Enter the Super Savari Express, a city bus tour akin to any you would find in a major city, but with one crucial difference: it is heavily armed.

The brainchild of Farzana Mukhtar, an HR consultant, Super Savari Express is the first of its kind in the city. A single ticket costs 2,000 Pakistani rupees (roughly $20), meaning that it is automatically geared towards a relatively wealthy clientele.

Karachi not being exactly St.
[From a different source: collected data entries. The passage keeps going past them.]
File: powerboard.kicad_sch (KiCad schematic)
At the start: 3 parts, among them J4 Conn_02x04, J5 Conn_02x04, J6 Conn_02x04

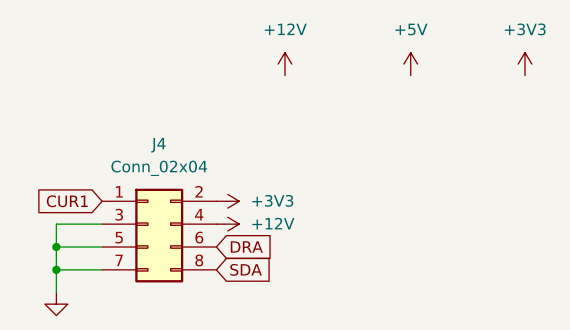
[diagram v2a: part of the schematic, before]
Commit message: Add files via upload
Add +12 and +5 outlets, change buzzer transistor, minor updates
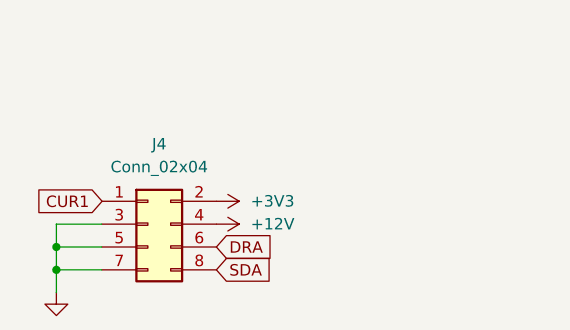
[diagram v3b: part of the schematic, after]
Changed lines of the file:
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@@
-    )
-  )
-  (symbol (lib_id "power:+5V") (at 175.26 24.13 0) (unit 1)
-    (in_bom yes) (on_board yes) (dnp no) (fields_autoplaced)
-    (property "Reference" "#PWR061" (at 175.26 27.94 0)
-      (effects (font (size 1.27 1.27)) hide)
-    )
-    (property "Value" "+5V" (at 175.26 19.05 0)
-      (effects (font (size 1.27 1.27)))
-    )
-    (property "Footprint" "" (at 175.26 24.13 0)
-      (effects (font (size 1.27 1.27)) hide)
-    )
-    (property "Datasheet" "" (at 175.26 24.13 0)
-      (effects (font (size 1.27 1.27)) hide)
-    )
-    (pin "1")
-    (instances
-      (project "ShiftWay_f103"
-        (path "/c57bc97c-1c43-4bb1-9424-fed846030b7b/0e47d56e-6599-490c-8484-306c0a411551"
-          (reference "#PWR061") (unit 1)
-        )
-      )
     )
   )
@@
     )
   )
-  (symbol (lib_id "PCM_4ms_Power-symbol:+12V") (at 161.29 24.13 0) (unit 1)
-    (in_bom yes) (on_board yes) (dnp no) (fields_autoplaced)
-    (property "Reference" "#PWR058" (at 161.29 27.94 0)
-      (effects (font (size 1.27 1.27)) hide)
-    )
-    (property "Value" "+12V" (at 161.29 19.05 0)
-      (effects (font (size 1.27 1.27)))
-    )
-    (property "Footprint" "" (at 161.29 24.13 0)
-      (effects (font (size 1.27 1.27)) hide)
-    )
-    (property "Datasheet" "" (at 161.29 24.13 0)
-      (effects (font (size 1.27 1.27)) hide)
-    )
-    (pin "1")
-    (instances
-      (project "ShiftWay_f103"
-        (path "/c57bc97c-1c43-4bb1-9424-fed846030b7b/0e47d56e-6599-490c-8484-306c0a411551"
-          (reference "#PWR058") (unit 1)
-        )
-      )
-    )
-  )
   (symbol (lib_id "PCM_4ms_Connector:Conn_02x04") (at 146.05 115.57 0) (unit 1)
     (in_bom yes) (on_board yes) (dnp no) (fields_autoplaced)
@@
         )
       )
-    )
-  )
-  (symbol (lib_id "power:+3V3") (at 187.96 24.13 0) (unit 1)
-    (in_bom yes) (on_board yes) (dnp no) (fields_autoplaced)
-    (property "Reference" "#PWR062" (at 187.96 27.94 0)
-      (effects (font (size 1.27 1.27)) hide)
-    )
-    (property "Value" "+3V3" (at 187.96 19.05 0)
-      (effects (font (size 1.27 1.27)))
-    )
-    (property "Footprint" "" (at 187.96 24.13 0)
-      (effects (font (size 1.27 1.27)) hide)
-    )
-    (property "Datasheet" "" (at 187.96 24.13 0)
-      (effects (font (size 1.27 1.27)) hide)
-    )
-    (pin "1")
-    (instances
-      (project "ShiftWay_f103"
-        (path "/c57bc97c-1c43-4bb1-9424-fed846030b7b/0e47d56e-6599-490c-8484-306c0a411551"
-          (reference "#PWR062") (unit 1)
-        )
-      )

Tropez, the tour bus is usually filled with wealthy Karachiites wanting to explore their own city. “We have about 30 to 40 people on each tour, and they all know the political situation and the safety situation – and yet they’re here because they’re hungry to see they can explore,” Atif bin Arif, managing director of Super Savari Express tells The Guardian. “These are the same people who fly to the Vatican to see the Sistine Chapel, even though we have beautiful churches here; or go to India to see temples, when we have Hindu temples here.”

super savari express


Built around one of the city’s gloriously kitsch public buses, painted with technicolor flowers and peacocks and festooned with pink and red feathers, tassles and tissue-paper flowers, six gun-toting guards take care of security in the Super Savari Express. In addition to showing off the former capital’s architectural heritage, the five-hour tour aims to highlight the city’s diversity by stopping off at a Hindu temple, a cathedral, a Parsi fire temple and mosques belonging to two minority Muslim groups, the Memons and the Dawoodi Bohra, all part of Bin Arif’s goal to demonstrate Karachi’s “mosaic of cultures, ethnicities and religions.”

It is a bit of a culture shock, travelling like this, in your own city. For many on the tour, people who are used to being driven around in air-conditioned cars, travelling by public bus is a first. Others recall how in safer times in their youth they would take the bus to school or university.